Lord Torr, you send off your message, and less than a half-hour later the messenger returns with a response.



> Torr,
> 
> We will meet in the Guildhall at twilight.
> 
> ~Ravyn



  *The guildhall being, of course, the Assassin's Guildhall, currently located in the basement of the Blind Woman, a tavern known for its sale of illegal drugs.*


----------



## Rybaer (May 16, 2004)

*Lord Torr Stormrider - human weretiger/rogue/fighter*

*Torr's cat-nap is interrupted by the sound of heavy knocking downstairs.  He figures that Rosalyn is probably sleeping, so he answers it himself.  He takes the note, reads it quickly, then dismisses the messenger with a couple coins.*

_What do you think this means?_ Torr idly asks Stormrider.  His symbiont, however, remains silent.

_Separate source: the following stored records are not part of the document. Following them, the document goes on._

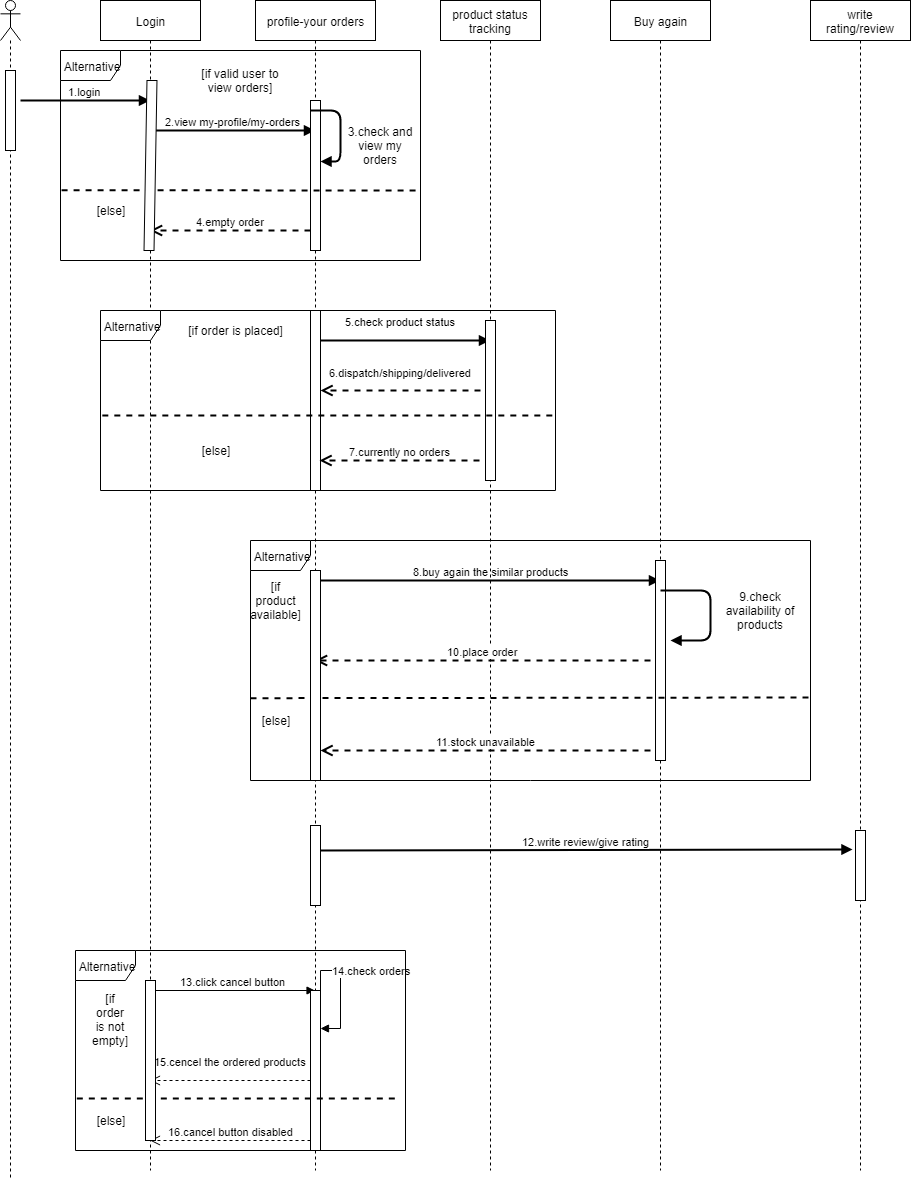

The diagram above was exported from draw.io. Its source (the exported page's mxGraphModel, read from the mxfile embedded in the PNG):
<mxGraphModel dx="1024" dy="595" grid="1" gridSize="10" guides="1" tooltips="1" connect="1" arrows="1" fold="1" page="1" pageScale="1" pageWidth="850" pageHeight="1100" math="0" shadow="0">
  <root>
    <mxCell id="0" />
    <mxCell id="1" parent="0" />
    <mxCell id="4qA9SJjY2fwEe2jn_lV7-1" value="" style="shape=umlLifeline;participant=umlActor;perimeter=lifelinePerimeter;whiteSpace=wrap;html=1;container=1;collapsible=0;recursiveResize=0;verticalAlign=top;spacingTop=36;labelBackgroundColor=#ffffff;outlineConnect=0;" parent="1" vertex="1">
      <mxGeometry x="70" y="80" width="20" height="1180" as="geometry" />
    </mxCell>
    <mxCell id="4qA9SJjY2fwEe2jn_lV7-7" value="" style="html=1;points=[];perimeter=orthogonalPerimeter;" parent="4qA9SJjY2fwEe2jn_lV7-1" vertex="1">
      <mxGeometry x="5" y="70" width="10" height="80" as="geometry" />
    </mxCell>
    <mxCell id="4qA9SJjY2fwEe2jn_lV7-2" value="Login" style="shape=umlLifeline;perimeter=lifelinePerimeter;whiteSpace=wrap;html=1;container=1;collapsible=0;recursiveResize=0;outlineConnect=0;" parent="1" vertex="1">
      <mxGeometry x="170" y="80" width="100" height="1170" as="geometry" />
    </mxCell>
    <mxCell id="4qA9SJjY2fwEe2jn_lV7-9" value="2.view my-profile/my-orders" style="html=1;verticalAlign=bottom;endArrow=block;strokeWidth=2;" parent="4qA9SJjY2fwEe2jn_lV7-2" target="4qA9SJjY2fwEe2jn_lV7-3" edge="1">
      <mxGeometry width="80" relative="1" as="geometry">
        <mxPoint x="50" y="130" as="sourcePoint" />
        <mxPoint x="130" y="130" as="targetPoint" />
      </mxGeometry>
    </mxCell>
    <mxCell id="Qa_Ip-S-j69k6V6jZ6Vp-5" value="13.click cancel button" style="html=1;verticalAlign=bottom;endArrow=block;" parent="4qA9SJjY2fwEe2jn_lV7-2" target="4qA9SJjY2fwEe2jn_lV7-3" edge="1">
      <mxGeometry width="80" relative="1" as="geometry">
        <mxPoint x="50" y="990" as="sourcePoint" />
        <mxPoint x="130" y="990" as="targetPoint" />
      </mxGeometry>
    </mxCell>
    <mxCell id="4qA9SJjY2fwEe2jn_lV7-3" value="profile-your orders" style="shape=umlLifeline;perimeter=lifelinePerimeter;whiteSpace=wrap;html=1;container=1;collapsible=0;recursiveResize=0;outlineConnect=0;" parent="1" vertex="1">
      <mxGeometry x="325" y="80" width="120" height="1170" as="geometry" />
    </mxCell>
    <mxCell id="4qA9SJjY2fwEe2jn_lV7-10" value="" style="html=1;points=[];perimeter=orthogonalPerimeter;" parent="4qA9SJjY2fwEe2jn_lV7-3" vertex="1">
      <mxGeometry x="55" y="100" width="10" height="150" as="geometry" />
    </mxCell>
    <mxCell id="4qA9SJjY2fwEe2jn_lV7-12" value="" style="endArrow=block;endFill=1;endSize=6;html=1;strokeWidth=2;edgeStyle=orthogonalEdgeStyle;entryX=1.04;entryY=0.407;entryDx=0;entryDy=0;entryPerimeter=0;" parent="4qA9SJjY2fwEe2jn_lV7-3" target="4qA9SJjY2fwEe2jn_lV7-10" edge="1">
      <mxGeometry width="100" relative="1" as="geometry">
        <mxPoint x="55" y="110" as="sourcePoint" />
        <mxPoint x="65" y="160" as="targetPoint" />
        <Array as="points">
          <mxPoint x="85" y="110" />
          <mxPoint x="85" y="161" />
        </Array>
      </mxGeometry>
    </mxCell>
    <mxCell id="4qA9SJjY2fwEe2jn_lV7-18" value="" style="html=1;points=[];perimeter=orthogonalPerimeter;" parent="4qA9SJjY2fwEe2jn_lV7-3" vertex="1">
      <mxGeometry x="55" y="310" width="10" height="180" as="geometry" />
    </mxCell>
    <mxCell id="4qA9SJjY2fwEe2jn_lV7-19" value="5.check product status" style="html=1;verticalAlign=bottom;endArrow=block;strokeWidth=2;" parent="4qA9SJjY2fwEe2jn_lV7-3" target="4qA9SJjY2fwEe2jn_lV7-4" edge="1">
      <mxGeometry x="-0.056" y="10" width="80" relative="1" as="geometry">
        <mxPoint x="65" y="340" as="sourcePoint" />
        <mxPoint x="145" y="340" as="targetPoint" />
        <mxPoint as="offset" />
      </mxGeometry>
    </mxCell>
    <mxCell id="4qA9SJjY2fwEe2jn_lV7-33" value="8.buy again the similar products" style="html=1;verticalAlign=bottom;endArrow=block;strokeWidth=2;" parent="4qA9SJjY2fwEe2jn_lV7-3" target="4qA9SJjY2fwEe2jn_lV7-5" edge="1">
      <mxGeometry width="80" relative="1" as="geometry">
        <mxPoint x="65" y="580" as="sourcePoint" />
        <mxPoint x="145" y="580" as="targetPoint" />
      </mxGeometry>
    </mxCell>
    <mxCell id="4qA9SJjY2fwEe2jn_lV7-42" value="12.write review/give rating" style="html=1;verticalAlign=bottom;endArrow=block;strokeWidth=2;" parent="4qA9SJjY2fwEe2jn_lV7-3" edge="1">
      <mxGeometry width="80" relative="1" as="geometry">
        <mxPoint x="65" y="850" as="sourcePoint" />
        <mxPoint x="597" y="849" as="targetPoint" />
      </mxGeometry>
    </mxCell>
    <mxCell id="Qa_Ip-S-j69k6V6jZ6Vp-4" value="" style="html=1;points=[];perimeter=orthogonalPerimeter;" parent="4qA9SJjY2fwEe2jn_lV7-3" vertex="1">
      <mxGeometry x="55" y="825" width="10" height="80" as="geometry" />
    </mxCell>
    <mxCell id="Qa_Ip-S-j69k6V6jZ6Vp-6" value="" style="html=1;points=[];perimeter=orthogonalPerimeter;" parent="4qA9SJjY2fwEe2jn_lV7-3" vertex="1">
      <mxGeometry x="55" y="990" width="10" height="160" as="geometry" />
    </mxCell>
    <mxCell id="Qa_Ip-S-j69k6V6jZ6Vp-7" value="14.check orders" style="edgeStyle=orthogonalEdgeStyle;html=1;align=left;spacingLeft=2;endArrow=block;rounded=0;exitX=0.96;exitY=0.39;exitDx=0;exitDy=0;exitPerimeter=0;" parent="4qA9SJjY2fwEe2jn_lV7-3" source="Qa_Ip-S-j69k6V6jZ6Vp-6" edge="1">
      <mxGeometry relative="1" as="geometry">
        <mxPoint x="60" y="970" as="sourcePoint" />
        <Array as="points">
          <mxPoint x="65" y="970" />
          <mxPoint x="85" y="970" />
          <mxPoint x="85" y="1028" />
        </Array>
        <mxPoint x="65" y="1028" as="targetPoint" />
      </mxGeometry>
    </mxCell>
    <mxCell id="4qA9SJjY2fwEe2jn_lV7-4" value="product status tracking" style="shape=umlLifeline;perimeter=lifelinePerimeter;whiteSpace=wrap;html=1;container=1;collapsible=0;recursiveResize=0;outlineConnect=0;" parent="1" vertex="1">
      <mxGeometry x="510" y="80" width="100" height="1170" as="geometry" />
    </mxCell>
    <mxCell id="4qA9SJjY2fwEe2jn_lV7-20" value="" style="html=1;points=[];perimeter=orthogonalPerimeter;" parent="4qA9SJjY2fwEe2jn_lV7-4" vertex="1">
      <mxGeometry x="45" y="320" width="10" height="160" as="geometry" />
    </mxCell>
    <mxCell id="4qA9SJjY2fwEe2jn_lV7-5" value="Buy again" style="shape=umlLifeline;perimeter=lifelinePerimeter;whiteSpace=wrap;html=1;container=1;collapsible=0;recursiveResize=0;outlineConnect=0;" parent="1" vertex="1">
      <mxGeometry x="680" y="80" width="100" height="1170" as="geometry" />
    </mxCell>
    <mxCell id="4qA9SJjY2fwEe2jn_lV7-34" value="" style="html=1;points=[];perimeter=orthogonalPerimeter;" parent="4qA9SJjY2fwEe2jn_lV7-5" vertex="1">
      <mxGeometry x="45" y="560" width="10" height="200" as="geometry" />
    </mxCell>
    <mxCell id="4qA9SJjY2fwEe2jn_lV7-35" value="" style="endArrow=block;endFill=1;endSize=6;html=1;strokeWidth=2;edgeStyle=orthogonalEdgeStyle;" parent="4qA9SJjY2fwEe2jn_lV7-5" edge="1">
      <mxGeometry width="100" relative="1" as="geometry">
        <mxPoint x="50" y="590" as="sourcePoint" />
        <mxPoint x="60" y="640" as="targetPoint" />
        <Array as="points">
          <mxPoint x="100" y="590" />
          <mxPoint x="100" y="640" />
        </Array>
      </mxGeometry>
    </mxCell>
    <mxCell id="4qA9SJjY2fwEe2jn_lV7-6" value="write rating/review" style="shape=umlLifeline;perimeter=lifelinePerimeter;whiteSpace=wrap;html=1;container=1;collapsible=0;recursiveResize=0;outlineConnect=0;" parent="1" vertex="1">
      <mxGeometry x="880" y="80" width="100" height="1170" as="geometry" />
    </mxCell>
    <mxCell id="Qa_Ip-S-j69k6V6jZ6Vp-3" value="" style="html=1;points=[];perimeter=orthogonalPerimeter;" parent="4qA9SJjY2fwEe2jn_lV7-6" vertex="1">
      <mxGeometry x="45" y="830" width="10" height="70" as="geometry" />
    </mxCell>
    <mxCell id="4qA9SJjY2fwEe2jn_lV7-8" value="1.login&amp;nbsp;" style="html=1;verticalAlign=bottom;endArrow=block;strokeWidth=2;" parent="1" target="4qA9SJjY2fwEe2jn_lV7-2" edge="1">
      <mxGeometry width="80" relative="1" as="geometry">
        <mxPoint x="90" y="180" as="sourcePoint" />
        <mxPoint x="170" y="180" as="targetPoint" />
      </mxGeometry>
    </mxCell>
    <mxCell id="4qA9SJjY2fwEe2jn_lV7-16" value="3.check and view my orders" style="text;html=1;strokeColor=none;fillColor=none;align=center;verticalAlign=middle;whiteSpace=wrap;rounded=0;" parent="1" vertex="1">
      <mxGeometry x="410" y="220" width="80" height="10" as="geometry" />
    </mxCell>
    <mxCell id="4qA9SJjY2fwEe2jn_lV7-17" value="4.empty order" style="html=1;verticalAlign=bottom;endArrow=open;dashed=1;endSize=8;strokeWidth=2;" parent="1" target="4qA9SJjY2fwEe2jn_lV7-2" edge="1">
      <mxGeometry relative="1" as="geometry">
        <mxPoint x="380" y="310" as="sourcePoint" />
        <mxPoint x="300" y="310" as="targetPoint" />
      </mxGeometry>
    </mxCell>
    <mxCell id="4qA9SJjY2fwEe2jn_lV7-21" value="6.dispatch/shipping/delivered" style="html=1;verticalAlign=bottom;endArrow=open;dashed=1;endSize=8;strokeWidth=2;" parent="1" target="4qA9SJjY2fwEe2jn_lV7-18" edge="1">
      <mxGeometry x="0.0038" y="-9" relative="1" as="geometry">
        <mxPoint x="550" y="470" as="sourcePoint" />
        <mxPoint x="470" y="470" as="targetPoint" />
        <mxPoint as="offset" />
      </mxGeometry>
    </mxCell>
    <mxCell id="4qA9SJjY2fwEe2jn_lV7-22" value="7.currently no orders" style="html=1;verticalAlign=bottom;endArrow=open;dashed=1;endSize=8;strokeWidth=2;" parent="1" edge="1">
      <mxGeometry relative="1" as="geometry">
        <mxPoint x="549" y="540" as="sourcePoint" />
        <mxPoint x="389" y="540" as="targetPoint" />
      </mxGeometry>
    </mxCell>
    <mxCell id="4qA9SJjY2fwEe2jn_lV7-24" value="Alternative" style="shape=umlFrame;whiteSpace=wrap;html=1;" parent="1" vertex="1">
      <mxGeometry x="130" y="130" width="360" height="210" as="geometry" />
    </mxCell>
    <mxCell id="4qA9SJjY2fwEe2jn_lV7-25" value="" style="endArrow=none;dashed=1;html=1;strokeWidth=2;entryX=1;entryY=0.667;entryDx=0;entryDy=0;entryPerimeter=0;exitX=0.003;exitY=0.665;exitDx=0;exitDy=0;exitPerimeter=0;" parent="1" source="4qA9SJjY2fwEe2jn_lV7-24" target="4qA9SJjY2fwEe2jn_lV7-24" edge="1">
      <mxGeometry width="50" height="50" relative="1" as="geometry">
        <mxPoint x="180" y="280" as="sourcePoint" />
        <mxPoint x="230" y="230" as="targetPoint" />
      </mxGeometry>
    </mxCell>
    <mxCell id="4qA9SJjY2fwEe2jn_lV7-26" value="[if valid user to view orders]" style="text;html=1;strokeColor=none;fillColor=none;align=center;verticalAlign=middle;whiteSpace=wrap;rounded=0;" parent="1" vertex="1">
      <mxGeometry x="260" y="150" width="100" height="20" as="geometry" />
    </mxCell>
    <mxCell id="4qA9SJjY2fwEe2jn_lV7-27" value="[else]" style="text;html=1;strokeColor=none;fillColor=none;align=center;verticalAlign=middle;whiteSpace=wrap;rounded=0;" parent="1" vertex="1">
      <mxGeometry x="160" y="280" width="40" height="20" as="geometry" />
    </mxCell>
    <mxCell id="4qA9SJjY2fwEe2jn_lV7-29" value="[if order is placed]" style="text;html=1;strokeColor=none;fillColor=none;align=center;verticalAlign=middle;whiteSpace=wrap;rounded=0;" parent="1" vertex="1">
      <mxGeometry x="250" y="400" width="110" height="20" as="geometry" />
    </mxCell>
    <mxCell id="4qA9SJjY2fwEe2jn_lV7-30" value="Alternative" style="shape=umlFrame;whiteSpace=wrap;html=1;" parent="1" vertex="1">
      <mxGeometry x="170" y="390" width="455" height="180" as="geometry" />
    </mxCell>
    <mxCell id="4qA9SJjY2fwEe2jn_lV7-31" value="" style="endArrow=none;dashed=1;html=1;strokeWidth=2;exitX=0.004;exitY=0.583;exitDx=0;exitDy=0;exitPerimeter=0;entryX=0.998;entryY=0.583;entryDx=0;entryDy=0;entryPerimeter=0;" parent="1" source="4qA9SJjY2fwEe2jn_lV7-30" target="4qA9SJjY2fwEe2jn_lV7-30" edge="1">
      <mxGeometry width="50" height="50" relative="1" as="geometry">
        <mxPoint x="170" y="530" as="sourcePoint" />
        <mxPoint x="220" y="480" as="targetPoint" />
      </mxGeometry>
    </mxCell>
    <mxCell id="4qA9SJjY2fwEe2jn_lV7-32" value="[else]" style="text;html=1;strokeColor=none;fillColor=none;align=center;verticalAlign=middle;whiteSpace=wrap;rounded=0;" parent="1" vertex="1">
      <mxGeometry x="265" y="520" width="40" height="20" as="geometry" />
    </mxCell>
    <mxCell id="4qA9SJjY2fwEe2jn_lV7-36" value="9.check availability of products" style="text;html=1;strokeColor=none;fillColor=none;align=center;verticalAlign=middle;whiteSpace=wrap;rounded=0;" parent="1" vertex="1">
      <mxGeometry x="780" y="680" width="100" height="20" as="geometry" />
    </mxCell>
    <mxCell id="4qA9SJjY2fwEe2jn_lV7-37" value="10.place order" style="html=1;verticalAlign=bottom;endArrow=open;dashed=1;endSize=8;strokeWidth=2;" parent="1" target="4qA9SJjY2fwEe2jn_lV7-3" edge="1">
      <mxGeometry relative="1" as="geometry">
        <mxPoint x="720" y="740" as="sourcePoint" />
        <mxPoint x="640" y="740" as="targetPoint" />
      </mxGeometry>
    </mxCell>
    <mxCell id="4qA9SJjY2fwEe2jn_lV7-38" value="11.stock unavailable" style="html=1;verticalAlign=bottom;endArrow=open;dashed=1;endSize=8;strokeWidth=2;" parent="1" edge="1">
      <mxGeometry relative="1" as="geometry">
        <mxPoint x="720" y="830" as="sourcePoint" />
        <mxPoint x="390" y="830" as="targetPoint" />
      </mxGeometry>
    </mxCell>
    <mxCell id="4qA9SJjY2fwEe2jn_lV7-40" value="Alternative" style="shape=umlFrame;whiteSpace=wrap;html=1;" parent="1" vertex="1">
      <mxGeometry x="320" y="620" width="560" height="240" as="geometry" />
    </mxCell>
    <mxCell id="4qA9SJjY2fwEe2jn_lV7-41" value="" style="endArrow=none;dashed=1;html=1;strokeWidth=2;exitX=0;exitY=0.657;exitDx=0;exitDy=0;exitPerimeter=0;" parent="1" source="4qA9SJjY2fwEe2jn_lV7-40" edge="1">
      <mxGeometry width="50" height="50" relative="1" as="geometry">
        <mxPoint x="320" y="790" as="sourcePoint" />
        <mxPoint x="881" y="777" as="targetPoint" />
      </mxGeometry>
    </mxCell>
    <mxCell id="4qA9SJjY2fwEe2jn_lV7-43" value="" style="html=1;points=[];perimeter=orthogonalPerimeter;rotation=1;" parent="1" vertex="1">
      <mxGeometry x="215" y="160" width="10" height="170" as="geometry" />
    </mxCell>
    <mxCell id="4qA9SJjY2fwEe2jn_lV7-44" value="" style="html=1;points=[];perimeter=orthogonalPerimeter;" parent="1" vertex="1">
      <mxGeometry x="380" y="650" width="10" height="210" as="geometry" />
    </mxCell>
    <mxCell id="4qA9SJjY2fwEe2jn_lV7-45" value="[if product available]" style="text;html=1;strokeColor=none;fillColor=none;align=center;verticalAlign=middle;whiteSpace=wrap;rounded=0;" parent="1" vertex="1">
      <mxGeometry x="325" y="670" width="40" height="20" as="geometry" />
    </mxCell>
    <mxCell id="4qA9SJjY2fwEe2jn_lV7-46" value="[else]" style="text;html=1;strokeColor=none;fillColor=none;align=center;verticalAlign=middle;whiteSpace=wrap;rounded=0;" parent="1" vertex="1">
      <mxGeometry x="325" y="790" width="40" height="20" as="geometry" />
    </mxCell>
    <mxCell id="Qa_Ip-S-j69k6V6jZ6Vp-8" value="15.cencel the ordered products" style="html=1;verticalAlign=bottom;endArrow=open;dashed=1;endSize=8;" parent="1" target="4qA9SJjY2fwEe2jn_lV7-2" edge="1">
      <mxGeometry x="-0.0031" y="-10" relative="1" as="geometry">
        <mxPoint x="380" y="1160" as="sourcePoint" />
        <mxPoint x="300" y="1160" as="targetPoint" />
        <mxPoint as="offset" />
      </mxGeometry>
    </mxCell>
    <mxCell id="Qa_Ip-S-j69k6V6jZ6Vp-9" value="16.cancel button disabled" style="html=1;verticalAlign=bottom;endArrow=open;dashed=1;endSize=8;" parent="1" target="4qA9SJjY2fwEe2jn_lV7-2" edge="1">
      <mxGeometry relative="1" as="geometry">
        <mxPoint x="380" y="1220" as="sourcePoint" />
        <mxPoint x="300" y="1220" as="targetPoint" />
      </mxGeometry>
    </mxCell>
    <mxCell id="Qa_Ip-S-j69k6V6jZ6Vp-11" value="Alternative" style="shape=umlFrame;whiteSpace=wrap;html=1;" parent="1" vertex="1">
      <mxGeometry x="145" y="1030" width="330" height="200" as="geometry" />
    </mxCell>
    <mxCell id="Qa_Ip-S-j69k6V6jZ6Vp-12" value="" style="endArrow=none;dashed=1;html=1;exitX=0.004;exitY=0.75;exitDx=0;exitDy=0;exitPerimeter=0;strokeWidth=2;" parent="1" edge="1">
      <mxGeometry width="50" height="50" relative="1" as="geometry">
        <mxPoint x="146.31999999999994" y="1178" as="sourcePoint" />
        <mxPoint x="470" y="1178" as="targetPoint" />
      </mxGeometry>
    </mxCell>
    <mxCell id="Qa_Ip-S-j69k6V6jZ6Vp-13" value="[if order is not empty]" style="text;html=1;strokeColor=none;fillColor=none;align=center;verticalAlign=middle;whiteSpace=wrap;rounded=0;" parent="1" vertex="1">
      <mxGeometry x="160" y="1090" width="40" height="20" as="geometry" />
    </mxCell>
    <mxCell id="Qa_Ip-S-j69k6V6jZ6Vp-14" value="[else]" style="text;html=1;strokeColor=none;fillColor=none;align=center;verticalAlign=middle;whiteSpace=wrap;rounded=0;" parent="1" vertex="1">
      <mxGeometry x="160" y="1190" width="40" height="20" as="geometry" />
    </mxCell>
    <mxCell id="Qa_Ip-S-j69k6V6jZ6Vp-15" value="" style="html=1;points=[];perimeter=orthogonalPerimeter;" parent="1" vertex="1">
      <mxGeometry x="215" y="1060" width="10" height="160" as="geometry" />
    </mxCell>
  </root>
</mxGraphModel>

*Torr returns upstairs to his chair in the sun and begins to nap again.  When early evening rolls around, Rosayln wakes him for his dinner.  Torr notes that she seems to have finally collected herself, but his own mind is distracted enough that he scarcely acknowledges her presence.*

*Following dinner, Torr dresses in darker, subdued evening attire.  He grabs his ornamental dagger, slings a black satin cloak over his shoulders, and departs for the Guildhouse.  He moves through the streets with grim purpose - his posture and size discouraging harassment.  He skirts around the greasy pools of light cast by the laterns hung at street corners and occasionally glances behind him.  For some reason, his instincts are telling him to be more alert tonight - and he always listens to those instincts.*

*Once at the Blind Woman, Torr will waste no time in going through the cursory motions to gain access to the basement where he will seek his contact.*


----------



## Brother Shatterstone (May 16, 2004)

*Loviana: Half-Nymph/Female (Rogue/Corruptor/Bondblade)*

As Loviana gives a small reassuring she politely accepts his unneeded apology but she makes no move to take her hand from his, “My dear, as I said there’s no need to be sorry and you didn’t seem boyish or foolish at all and I have many of the same questions about Andeluvay.”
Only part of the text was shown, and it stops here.